Key Figures and Concepts

  • Leone Alberti, who wrote the book “New Ideas,” translated from Vitrovious’ “The Seven Pillars of Architecture,” adopted the idea of star-shaped and radial planning.

Renaissance Planning Elements

  • Large fortresses and bastions were built for defense due to gunpowder technology.
  • Fortresses and bastions took a star shape based on dominant ideas of the age.

Ideal City Concepts

  • Ideal city concepts included:
    • Ideal city - Vitruvius, 1st century B.C.
    • 4 to 12-cornered towns with orthogonal street-systems - Pietro Cataneo, 16th century
    • Fortification of a sea-harbor with a citadel - Pietro Cataneo, 1554
    • Palmanova - ideal Baroque city, 1593-95
    • Ideal fortification city with a separate citadel - Anonymous, about 1600
    • Mannheim, plan of 1622

Utopian/Ideal Cities

  • Regular Ring Radial Planning Elements included:
    • Grid planning
    • Piazza in the center with streets directed towards it
    • Open spaces
    • Attention to aesthetics & proportions

Factors Affecting Renaissance City Planning

  • Natural environment surrounding the city
  • Radial streets
  • Street proportions – Piazzas
  • Aesthetic rules
  • Star-shaped cities

Examples of Urban Development

  • The transcript references Haussmannian Cairo, including developments such as the Qasr al-Nil Bridge, Ismailiyah Canal, and new planned arteries.

Industrial Revolution and the City (1760-1850)

  • The Industrial Revolution started in England in the eighteenth century and spread across Europe and North America.
  • New technology transformed agriculture and commerce into a modern industrial society.
  • Changes revolutionized families and lifestyles as the factory system drew workers to urban areas.

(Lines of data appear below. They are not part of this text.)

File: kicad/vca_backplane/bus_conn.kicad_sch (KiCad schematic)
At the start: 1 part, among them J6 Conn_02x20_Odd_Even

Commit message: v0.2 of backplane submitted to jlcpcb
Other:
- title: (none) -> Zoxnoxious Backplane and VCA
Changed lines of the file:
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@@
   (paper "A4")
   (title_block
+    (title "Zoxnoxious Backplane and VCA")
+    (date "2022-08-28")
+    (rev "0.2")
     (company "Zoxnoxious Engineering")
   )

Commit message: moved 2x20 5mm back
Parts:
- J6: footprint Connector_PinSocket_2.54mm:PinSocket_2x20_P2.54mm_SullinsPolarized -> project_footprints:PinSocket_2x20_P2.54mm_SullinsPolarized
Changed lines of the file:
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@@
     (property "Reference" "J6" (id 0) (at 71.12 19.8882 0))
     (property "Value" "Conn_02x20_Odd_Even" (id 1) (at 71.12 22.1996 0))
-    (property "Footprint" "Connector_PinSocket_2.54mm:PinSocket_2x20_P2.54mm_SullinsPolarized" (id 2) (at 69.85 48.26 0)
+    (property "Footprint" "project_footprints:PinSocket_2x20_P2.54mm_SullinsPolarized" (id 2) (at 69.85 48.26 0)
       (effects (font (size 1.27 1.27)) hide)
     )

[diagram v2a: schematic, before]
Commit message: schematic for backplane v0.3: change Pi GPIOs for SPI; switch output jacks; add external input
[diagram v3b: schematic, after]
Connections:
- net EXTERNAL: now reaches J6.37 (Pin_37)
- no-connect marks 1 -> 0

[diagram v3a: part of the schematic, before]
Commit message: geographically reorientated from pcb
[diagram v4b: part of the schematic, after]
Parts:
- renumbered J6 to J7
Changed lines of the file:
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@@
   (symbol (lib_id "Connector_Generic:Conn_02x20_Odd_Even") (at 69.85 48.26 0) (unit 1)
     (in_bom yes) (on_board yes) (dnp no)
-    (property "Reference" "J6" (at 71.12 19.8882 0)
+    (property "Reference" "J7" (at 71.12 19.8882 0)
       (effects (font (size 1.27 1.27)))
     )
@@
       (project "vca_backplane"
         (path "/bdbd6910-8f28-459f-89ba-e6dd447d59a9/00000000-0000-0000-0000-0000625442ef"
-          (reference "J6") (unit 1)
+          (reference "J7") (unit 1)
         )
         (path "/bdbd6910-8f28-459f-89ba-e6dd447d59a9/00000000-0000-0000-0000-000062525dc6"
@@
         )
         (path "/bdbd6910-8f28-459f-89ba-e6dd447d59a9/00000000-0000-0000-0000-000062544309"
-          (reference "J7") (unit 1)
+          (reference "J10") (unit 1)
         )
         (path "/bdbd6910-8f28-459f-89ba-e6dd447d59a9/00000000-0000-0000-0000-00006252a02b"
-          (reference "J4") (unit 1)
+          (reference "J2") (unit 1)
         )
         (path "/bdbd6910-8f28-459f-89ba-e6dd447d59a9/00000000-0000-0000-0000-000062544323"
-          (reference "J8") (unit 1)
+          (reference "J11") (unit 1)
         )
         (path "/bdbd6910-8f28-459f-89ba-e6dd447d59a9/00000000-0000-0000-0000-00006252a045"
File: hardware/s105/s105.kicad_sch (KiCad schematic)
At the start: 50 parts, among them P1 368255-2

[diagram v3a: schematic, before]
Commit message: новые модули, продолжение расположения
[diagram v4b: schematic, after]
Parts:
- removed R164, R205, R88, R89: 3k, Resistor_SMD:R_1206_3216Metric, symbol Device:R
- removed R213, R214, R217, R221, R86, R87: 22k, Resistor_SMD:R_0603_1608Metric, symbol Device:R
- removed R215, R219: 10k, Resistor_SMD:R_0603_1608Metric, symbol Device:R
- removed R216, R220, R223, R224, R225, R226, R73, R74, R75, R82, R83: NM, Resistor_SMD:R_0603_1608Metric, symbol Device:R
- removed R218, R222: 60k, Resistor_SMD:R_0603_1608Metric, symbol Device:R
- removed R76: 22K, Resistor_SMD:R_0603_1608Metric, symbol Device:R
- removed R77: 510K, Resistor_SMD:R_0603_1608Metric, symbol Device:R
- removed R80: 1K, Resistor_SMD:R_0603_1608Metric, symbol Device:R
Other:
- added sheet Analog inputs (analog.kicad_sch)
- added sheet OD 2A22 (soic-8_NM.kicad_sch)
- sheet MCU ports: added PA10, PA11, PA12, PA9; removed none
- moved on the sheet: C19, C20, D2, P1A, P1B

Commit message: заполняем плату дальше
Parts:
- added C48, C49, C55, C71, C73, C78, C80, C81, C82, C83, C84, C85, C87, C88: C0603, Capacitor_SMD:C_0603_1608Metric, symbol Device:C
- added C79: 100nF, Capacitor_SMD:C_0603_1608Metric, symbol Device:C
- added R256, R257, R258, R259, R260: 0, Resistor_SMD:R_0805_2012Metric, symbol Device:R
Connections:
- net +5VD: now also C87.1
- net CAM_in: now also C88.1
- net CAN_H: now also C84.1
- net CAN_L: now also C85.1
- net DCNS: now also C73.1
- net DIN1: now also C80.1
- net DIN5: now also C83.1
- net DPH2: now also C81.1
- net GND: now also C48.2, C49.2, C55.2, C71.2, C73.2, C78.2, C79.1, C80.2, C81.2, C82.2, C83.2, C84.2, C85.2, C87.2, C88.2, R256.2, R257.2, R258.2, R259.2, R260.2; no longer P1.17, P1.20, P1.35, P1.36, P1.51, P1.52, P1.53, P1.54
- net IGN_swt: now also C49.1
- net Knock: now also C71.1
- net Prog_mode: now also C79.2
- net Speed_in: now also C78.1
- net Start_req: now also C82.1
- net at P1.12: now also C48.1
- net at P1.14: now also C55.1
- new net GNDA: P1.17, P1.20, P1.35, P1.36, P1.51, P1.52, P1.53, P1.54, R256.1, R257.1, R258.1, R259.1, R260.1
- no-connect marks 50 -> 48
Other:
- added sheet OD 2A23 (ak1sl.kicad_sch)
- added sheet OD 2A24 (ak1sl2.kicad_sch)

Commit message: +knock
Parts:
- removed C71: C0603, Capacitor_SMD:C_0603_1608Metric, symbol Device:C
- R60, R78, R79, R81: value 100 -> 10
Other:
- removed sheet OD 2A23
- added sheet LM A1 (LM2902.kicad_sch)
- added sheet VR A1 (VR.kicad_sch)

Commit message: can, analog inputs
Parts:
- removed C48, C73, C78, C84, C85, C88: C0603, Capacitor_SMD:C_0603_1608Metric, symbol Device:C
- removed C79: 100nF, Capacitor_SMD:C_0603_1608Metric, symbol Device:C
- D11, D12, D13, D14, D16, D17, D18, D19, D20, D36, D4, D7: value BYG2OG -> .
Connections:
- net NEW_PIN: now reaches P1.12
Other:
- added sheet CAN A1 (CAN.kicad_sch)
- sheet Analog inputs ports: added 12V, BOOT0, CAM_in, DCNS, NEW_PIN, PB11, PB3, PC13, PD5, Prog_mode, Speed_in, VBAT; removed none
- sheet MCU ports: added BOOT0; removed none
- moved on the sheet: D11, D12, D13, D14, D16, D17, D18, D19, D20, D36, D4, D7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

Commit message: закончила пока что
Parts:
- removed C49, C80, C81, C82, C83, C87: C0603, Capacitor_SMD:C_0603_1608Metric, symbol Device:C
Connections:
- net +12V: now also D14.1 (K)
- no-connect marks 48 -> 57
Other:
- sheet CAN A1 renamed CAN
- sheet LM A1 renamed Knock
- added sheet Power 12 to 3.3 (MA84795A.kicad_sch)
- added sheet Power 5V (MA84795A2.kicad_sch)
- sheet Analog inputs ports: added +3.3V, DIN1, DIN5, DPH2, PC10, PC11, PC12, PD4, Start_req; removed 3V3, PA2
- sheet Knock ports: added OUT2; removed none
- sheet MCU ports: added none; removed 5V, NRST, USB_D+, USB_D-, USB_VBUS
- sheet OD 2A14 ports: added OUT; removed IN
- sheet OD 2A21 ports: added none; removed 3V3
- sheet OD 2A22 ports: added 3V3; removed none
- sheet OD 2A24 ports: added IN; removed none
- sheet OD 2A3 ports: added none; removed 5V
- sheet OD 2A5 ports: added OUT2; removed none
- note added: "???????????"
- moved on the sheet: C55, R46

Transformations of the Industrial Revolution

  • Key aspects of the Industrial Revolution included:
    • Invention of machines to do the work of hand tools.
    • Use of steam and other power sources in place of human and animal muscles.
    • Adoption of the factory system.
  • Wool and cotton production increased, as did the yield of food crops.

Commercial Expansion

  • By 1800, faster processes were in use in manufacturing and transportation.
  • By 1750, large quantities of goods were exchanged among European nations, creating a demand for more production.
  • England was the leading commercial nation, with cloth manufacturing as its leading industry.